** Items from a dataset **
__________________________________________________

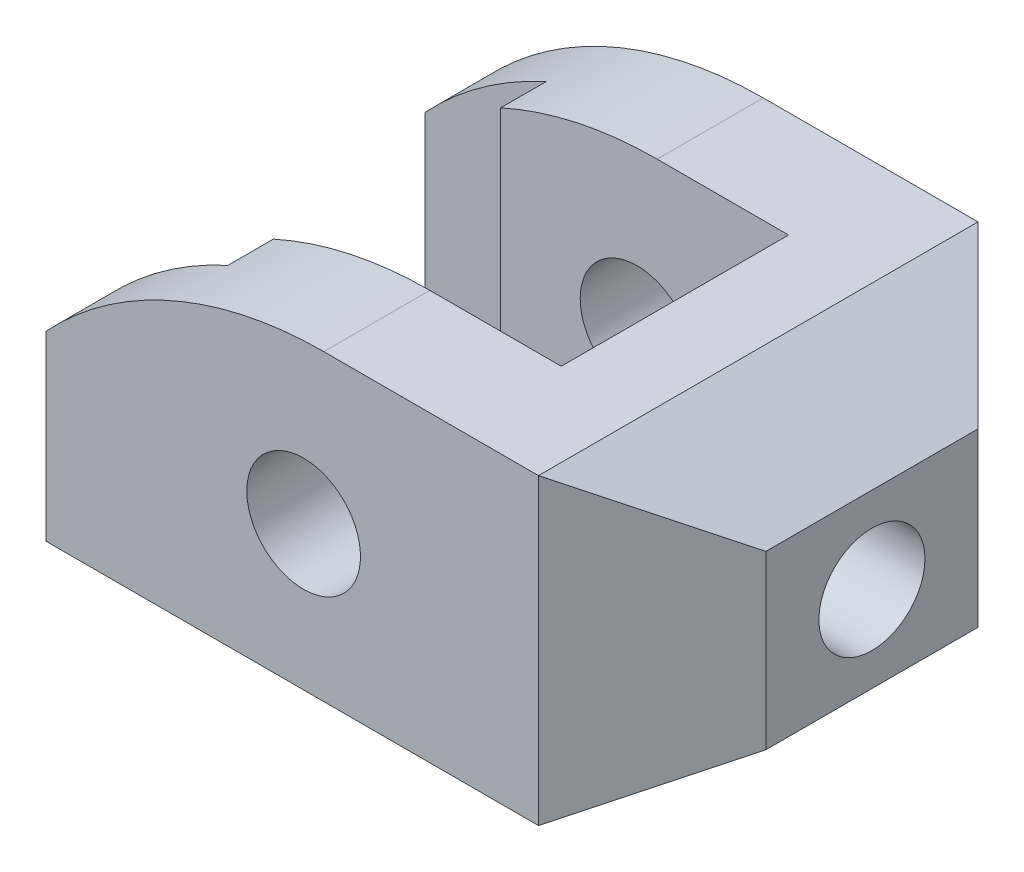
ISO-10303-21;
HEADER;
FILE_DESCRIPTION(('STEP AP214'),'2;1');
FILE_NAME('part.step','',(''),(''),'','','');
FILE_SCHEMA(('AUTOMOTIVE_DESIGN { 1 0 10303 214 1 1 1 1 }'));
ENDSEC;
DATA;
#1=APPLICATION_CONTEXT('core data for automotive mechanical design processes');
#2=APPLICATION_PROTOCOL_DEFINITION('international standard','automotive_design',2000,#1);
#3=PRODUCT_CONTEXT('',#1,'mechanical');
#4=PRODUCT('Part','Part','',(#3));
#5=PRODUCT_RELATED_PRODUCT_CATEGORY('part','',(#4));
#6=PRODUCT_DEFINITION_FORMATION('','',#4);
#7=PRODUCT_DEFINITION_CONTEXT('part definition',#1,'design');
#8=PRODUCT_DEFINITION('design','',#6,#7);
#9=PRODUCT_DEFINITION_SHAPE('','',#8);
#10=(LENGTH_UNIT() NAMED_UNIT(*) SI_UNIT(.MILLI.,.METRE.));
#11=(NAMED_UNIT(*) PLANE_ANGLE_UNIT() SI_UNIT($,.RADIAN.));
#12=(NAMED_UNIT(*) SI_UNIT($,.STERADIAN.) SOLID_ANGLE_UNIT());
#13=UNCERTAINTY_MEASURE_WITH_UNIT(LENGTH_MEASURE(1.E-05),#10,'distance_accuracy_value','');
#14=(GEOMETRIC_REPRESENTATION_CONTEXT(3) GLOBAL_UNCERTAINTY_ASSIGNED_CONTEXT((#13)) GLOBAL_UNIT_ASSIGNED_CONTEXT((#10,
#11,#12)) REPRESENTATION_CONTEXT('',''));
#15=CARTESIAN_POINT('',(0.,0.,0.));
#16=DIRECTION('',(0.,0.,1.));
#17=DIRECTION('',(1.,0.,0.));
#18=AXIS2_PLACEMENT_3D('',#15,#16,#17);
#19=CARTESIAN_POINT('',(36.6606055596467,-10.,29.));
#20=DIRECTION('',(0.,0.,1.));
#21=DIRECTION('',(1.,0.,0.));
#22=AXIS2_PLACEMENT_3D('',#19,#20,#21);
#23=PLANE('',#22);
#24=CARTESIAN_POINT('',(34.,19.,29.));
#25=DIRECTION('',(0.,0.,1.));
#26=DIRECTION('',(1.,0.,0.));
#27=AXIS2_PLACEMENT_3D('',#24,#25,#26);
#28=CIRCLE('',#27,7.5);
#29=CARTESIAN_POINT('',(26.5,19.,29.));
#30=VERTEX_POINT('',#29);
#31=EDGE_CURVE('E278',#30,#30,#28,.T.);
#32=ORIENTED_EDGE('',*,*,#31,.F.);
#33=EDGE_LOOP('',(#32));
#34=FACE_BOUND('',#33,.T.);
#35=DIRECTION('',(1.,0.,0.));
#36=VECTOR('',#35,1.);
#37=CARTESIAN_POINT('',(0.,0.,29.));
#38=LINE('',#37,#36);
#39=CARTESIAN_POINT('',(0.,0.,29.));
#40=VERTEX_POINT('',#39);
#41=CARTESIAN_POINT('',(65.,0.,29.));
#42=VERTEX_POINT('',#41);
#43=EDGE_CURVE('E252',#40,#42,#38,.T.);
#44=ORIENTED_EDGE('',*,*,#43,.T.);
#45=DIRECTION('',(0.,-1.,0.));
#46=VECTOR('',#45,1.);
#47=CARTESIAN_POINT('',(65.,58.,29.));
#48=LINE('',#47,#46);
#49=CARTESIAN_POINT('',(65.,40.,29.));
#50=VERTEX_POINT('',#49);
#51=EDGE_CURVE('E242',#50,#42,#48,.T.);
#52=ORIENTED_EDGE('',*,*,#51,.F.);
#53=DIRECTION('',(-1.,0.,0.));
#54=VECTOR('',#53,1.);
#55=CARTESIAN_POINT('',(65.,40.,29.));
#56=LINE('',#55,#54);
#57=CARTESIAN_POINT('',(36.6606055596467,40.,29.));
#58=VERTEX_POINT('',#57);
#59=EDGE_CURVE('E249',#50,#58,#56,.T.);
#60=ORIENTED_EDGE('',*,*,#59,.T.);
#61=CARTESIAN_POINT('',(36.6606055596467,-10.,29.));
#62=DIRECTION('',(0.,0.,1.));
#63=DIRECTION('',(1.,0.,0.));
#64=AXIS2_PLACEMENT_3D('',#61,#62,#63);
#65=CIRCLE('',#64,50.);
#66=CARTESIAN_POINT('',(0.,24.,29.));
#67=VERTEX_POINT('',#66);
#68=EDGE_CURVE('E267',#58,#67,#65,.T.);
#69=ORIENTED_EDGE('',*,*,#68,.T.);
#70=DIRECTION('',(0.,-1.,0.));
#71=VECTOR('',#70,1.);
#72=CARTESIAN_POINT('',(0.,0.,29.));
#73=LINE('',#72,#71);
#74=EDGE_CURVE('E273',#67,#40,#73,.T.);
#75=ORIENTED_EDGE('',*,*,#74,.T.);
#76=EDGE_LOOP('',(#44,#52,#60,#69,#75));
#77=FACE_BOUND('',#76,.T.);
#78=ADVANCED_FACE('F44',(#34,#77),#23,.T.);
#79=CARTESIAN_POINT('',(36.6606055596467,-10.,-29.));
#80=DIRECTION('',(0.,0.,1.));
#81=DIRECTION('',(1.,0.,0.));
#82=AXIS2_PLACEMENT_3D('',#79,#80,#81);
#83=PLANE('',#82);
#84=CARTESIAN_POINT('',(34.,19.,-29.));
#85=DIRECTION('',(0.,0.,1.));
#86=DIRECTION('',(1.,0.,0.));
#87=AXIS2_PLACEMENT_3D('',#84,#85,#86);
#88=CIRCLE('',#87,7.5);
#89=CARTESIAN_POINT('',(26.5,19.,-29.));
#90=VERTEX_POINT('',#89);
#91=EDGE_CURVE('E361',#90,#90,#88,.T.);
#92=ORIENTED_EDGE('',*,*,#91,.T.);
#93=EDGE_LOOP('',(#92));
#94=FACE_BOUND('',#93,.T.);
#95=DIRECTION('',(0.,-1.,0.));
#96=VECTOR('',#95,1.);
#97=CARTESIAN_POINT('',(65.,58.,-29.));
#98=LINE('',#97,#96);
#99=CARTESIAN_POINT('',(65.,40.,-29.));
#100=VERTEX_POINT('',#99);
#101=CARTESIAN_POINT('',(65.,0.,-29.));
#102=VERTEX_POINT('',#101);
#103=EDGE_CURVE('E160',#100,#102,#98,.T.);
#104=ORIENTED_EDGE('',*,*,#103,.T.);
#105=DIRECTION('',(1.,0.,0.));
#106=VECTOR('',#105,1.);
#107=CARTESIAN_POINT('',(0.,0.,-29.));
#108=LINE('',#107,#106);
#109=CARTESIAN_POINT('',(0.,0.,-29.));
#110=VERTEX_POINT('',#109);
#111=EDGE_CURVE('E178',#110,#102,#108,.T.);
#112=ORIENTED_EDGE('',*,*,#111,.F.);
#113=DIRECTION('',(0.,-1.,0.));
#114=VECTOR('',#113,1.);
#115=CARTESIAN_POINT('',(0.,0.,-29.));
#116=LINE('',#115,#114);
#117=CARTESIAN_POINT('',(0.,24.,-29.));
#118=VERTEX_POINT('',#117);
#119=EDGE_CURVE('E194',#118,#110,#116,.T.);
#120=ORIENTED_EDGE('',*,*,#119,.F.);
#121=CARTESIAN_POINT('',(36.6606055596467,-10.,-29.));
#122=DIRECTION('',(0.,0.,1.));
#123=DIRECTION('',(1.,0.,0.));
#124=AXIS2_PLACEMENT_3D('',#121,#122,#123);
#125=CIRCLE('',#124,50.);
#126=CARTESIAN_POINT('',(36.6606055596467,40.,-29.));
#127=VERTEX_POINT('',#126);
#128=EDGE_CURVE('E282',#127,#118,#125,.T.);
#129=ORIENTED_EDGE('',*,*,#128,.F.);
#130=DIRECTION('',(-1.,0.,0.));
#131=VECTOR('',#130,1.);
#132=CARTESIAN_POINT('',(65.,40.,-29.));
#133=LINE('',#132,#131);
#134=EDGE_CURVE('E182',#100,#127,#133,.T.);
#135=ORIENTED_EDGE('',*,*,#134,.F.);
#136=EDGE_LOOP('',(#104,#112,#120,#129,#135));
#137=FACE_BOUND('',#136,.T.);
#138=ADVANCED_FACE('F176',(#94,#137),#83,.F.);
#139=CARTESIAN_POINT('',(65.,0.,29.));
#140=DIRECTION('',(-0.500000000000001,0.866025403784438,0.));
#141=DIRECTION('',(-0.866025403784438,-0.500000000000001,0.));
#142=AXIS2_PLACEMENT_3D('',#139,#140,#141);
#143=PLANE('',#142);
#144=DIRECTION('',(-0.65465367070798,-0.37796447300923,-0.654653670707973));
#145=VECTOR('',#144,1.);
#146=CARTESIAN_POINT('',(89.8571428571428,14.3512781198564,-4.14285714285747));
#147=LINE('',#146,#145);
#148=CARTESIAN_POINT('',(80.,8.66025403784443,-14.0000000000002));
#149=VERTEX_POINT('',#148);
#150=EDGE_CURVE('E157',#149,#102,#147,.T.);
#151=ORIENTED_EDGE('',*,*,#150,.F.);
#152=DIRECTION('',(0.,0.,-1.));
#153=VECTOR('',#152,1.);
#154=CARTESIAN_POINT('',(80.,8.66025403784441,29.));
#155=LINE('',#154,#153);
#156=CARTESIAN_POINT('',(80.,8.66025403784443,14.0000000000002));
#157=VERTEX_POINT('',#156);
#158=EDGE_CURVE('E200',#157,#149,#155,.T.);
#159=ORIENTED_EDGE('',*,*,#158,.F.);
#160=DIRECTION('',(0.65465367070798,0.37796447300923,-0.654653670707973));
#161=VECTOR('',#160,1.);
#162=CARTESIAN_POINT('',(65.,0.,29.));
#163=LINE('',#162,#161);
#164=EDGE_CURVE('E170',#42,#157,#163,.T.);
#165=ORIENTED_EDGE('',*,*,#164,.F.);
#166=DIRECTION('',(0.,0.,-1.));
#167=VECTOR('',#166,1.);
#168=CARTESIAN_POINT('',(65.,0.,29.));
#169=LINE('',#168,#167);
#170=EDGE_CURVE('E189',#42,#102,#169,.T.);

__________________________________________________

** Assigned task **
Starting with the line that contains "#163=LINE('',#162,#161);", print every line through the end of the entries above exactly as written, both boundary lines included, and nothing else.

** Answer box **
#163=LINE('',#162,#161);
#164=EDGE_CURVE('E170',#42,#157,#163,.T.);
#165=ORIENTED_EDGE('',*,*,#164,.F.);
#166=DIRECTION('',(0.,0.,-1.));
#167=VECTOR('',#166,1.);
#168=CARTESIAN_POINT('',(65.,0.,29.));
#169=LINE('',#168,#167);
#170=EDGE_CURVE('E189',#42,#102,#169,.T.);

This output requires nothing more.